Storebrands: 2023 Private Label Outlook: Turning the Page
The past two years have seen the changing of the calendar from December to January met with hope and a level of cautious optimism as retailers and product suppliers alike sought to put the prior year’s hurdles behind them.
For those needing a reminder, the past three years have offered mountainous challenges ranging from a global health crisis to supply chain speed bumps and price hikes not seen in a generation or two. Hoping for a normal business climate? Most experts will say they are no longer sure what normal is.
What is clear is that 2023 will offer its own unique set of opportunities and challenges, and for the private label sector, the chance to build off a strong 2022 when inflation led consumers to seek out lower-cost, store-branded products to make ends meet. In the process, many shoppers also discovered their money saving choices revealed products that rival or exceed the quality offered by legacy national brands.
“We have again seen retail brands become more accepted by the consumer and we hope that continues, even if the economy shows some improvement this year,” said Peggy Davies, president of the Private Label Manufacturers Association (PLMA).

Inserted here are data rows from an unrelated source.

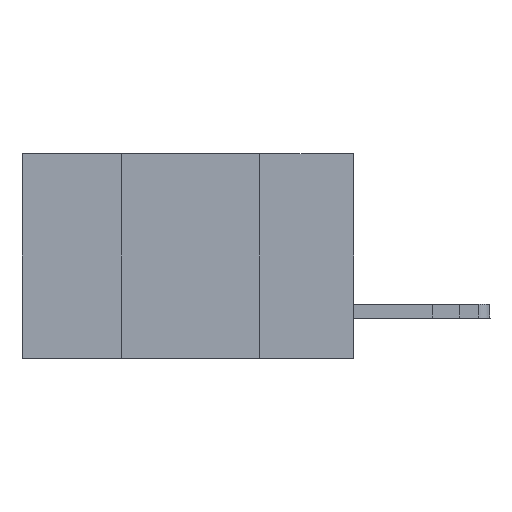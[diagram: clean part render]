
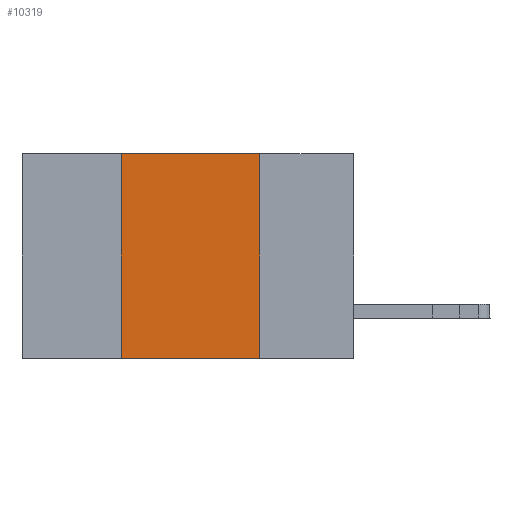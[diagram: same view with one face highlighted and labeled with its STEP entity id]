
A CAD part, left-side view. The second image highlights one B-rep face of the part: STEP entity #10319.
In plain terms, the highlighted planar face has unit normal (-1, 0, 0).
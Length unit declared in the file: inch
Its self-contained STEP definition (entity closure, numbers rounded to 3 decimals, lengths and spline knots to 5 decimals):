
#217 = LINE ( 'NONE', #598, #8957 ) ;
#598 = CARTESIAN_POINT ( 'NONE',  ( 0., 0.17, 0. ) ) ;
#2746 = VERTEX_POINT ( 'NONE', #9900 ) ;
#2992 = ORIENTED_EDGE ( 'NONE', *, *, #4757, .F. ) ;
#3094 = CARTESIAN_POINT ( 'NONE',  ( 0., 0.6, 0. ) ) ;
#3104 = ORIENTED_EDGE ( 'NONE', *, *, #4819, .F. ) ;
#3724 = AXIS2_PLACEMENT_3D ( 'NONE', #3094, #8879, #4343 ) ;
#4066 = LINE ( 'NONE', #4162, #17353 ) ;
#4162 = CARTESIAN_POINT ( 'NONE',  ( 0., 0.6, 0. ) ) ;
#4341 = CARTESIAN_POINT ( 'NONE',  ( 0., 0.6, -0.37 ) ) ;
#4343 = DIRECTION ( 'NONE',  ( 0., 0., -1. ) ) ;
#4757 = EDGE_CURVE ( 'NONE', #2746, #10814, #217, .T. ) ;
#4819 = EDGE_CURVE ( 'NONE', #11407, #6648, #9410, .T. ) ;
#5046 = VECTOR ( 'NONE', #8253, 39.37008 ) ;
#5604 = VECTOR ( 'NONE', #10085, 39.37008 ) ;
#6376 = DIRECTION ( 'NONE',  ( 0., 0., -1. ) ) ;
#6648 = VERTEX_POINT ( 'NONE', #7703 ) ;
#6827 = CARTESIAN_POINT ( 'NONE',  ( 0., 0.42, -0.37 ) ) ;
#7703 = CARTESIAN_POINT ( 'NONE',  ( 0., 0.42, 0. ) ) ;
#8253 = DIRECTION ( 'NONE',  ( 0., 0., 1. ) ) ;
#8594 = FACE_OUTER_BOUND ( 'NONE', #14731, .T. ) ;
#8879 = DIRECTION ( 'NONE',  ( 1., 0., 0. ) ) ;
#8957 = VECTOR ( 'NONE', #6376, 39.37008 ) ;
#9410 = LINE ( 'NONE', #12139, #5046 ) ;
#9739 = DIRECTION ( 'NONE',  ( 0., -1., 0. ) ) ;
#9900 = CARTESIAN_POINT ( 'NONE',  ( 0., 0.17, 0. ) ) ;
#10085 = DIRECTION ( 'NONE',  ( 0., -1., 0. ) ) ;
#10319 = ADVANCED_FACE ( 'NONE', ( #8594 ), #14382, .F. ) ;
#10627 = CARTESIAN_POINT ( 'NONE',  ( 0., 0.17, -0.37 ) ) ;
#10814 = VERTEX_POINT ( 'NONE', #10627 ) ;
#11407 = VERTEX_POINT ( 'NONE', #6827 ) ;
#11519 = LINE ( 'NONE', #4341, #5604 ) ;
#12139 = CARTESIAN_POINT ( 'NONE',  ( 0., 0.42, 0. ) ) ;
#14299 = ORIENTED_EDGE ( 'NONE', *, *, #14876, .F. ) ;
#14382 = PLANE ( 'NONE',  #3724 ) ;
#14731 = EDGE_LOOP ( 'NONE', ( #2992, #14299, #3104, #15119 ) ) ;
#14876 = EDGE_CURVE ( 'NONE', #6648, #2746, #4066, .T. ) ;
#15092 = EDGE_CURVE ( 'NONE', #11407, #10814, #11519, .T. ) ;
#15119 = ORIENTED_EDGE ( 'NONE', *, *, #15092, .T. ) ;
#17353 = VECTOR ( 'NONE', #9739, 39.37008 ) ;

While price will continue to be a major factor in consumer spending habits and the choices they make when shopping in-store and online, industry experts also feel there is more retailers can do to highlight the benefits of store brand products that go beyond simply being less expensive than their national branded competitors.
“Retailers need to treat their private label brands as brands,” said Barbara Connors, vice president of Strategy and Acceleration with 84.51°, Kroger’s retail analytics firm. “They need to focus on marketing their brands to drive awareness and keep their products top of mind with shoppers. While consumers may buy the items because they are less expensive, it’s important for retailers to also highlight the quality of the items as well.”
Utilizing these long-standing tenets of marketing would also give retailers the chance to create an emotional connection with shoppers about a given retailer’s private label assortment. To do so, there’s a line of thinking among those who closely watch the private label industry that retailers need to continue evolving what motivates them when working to develop new products.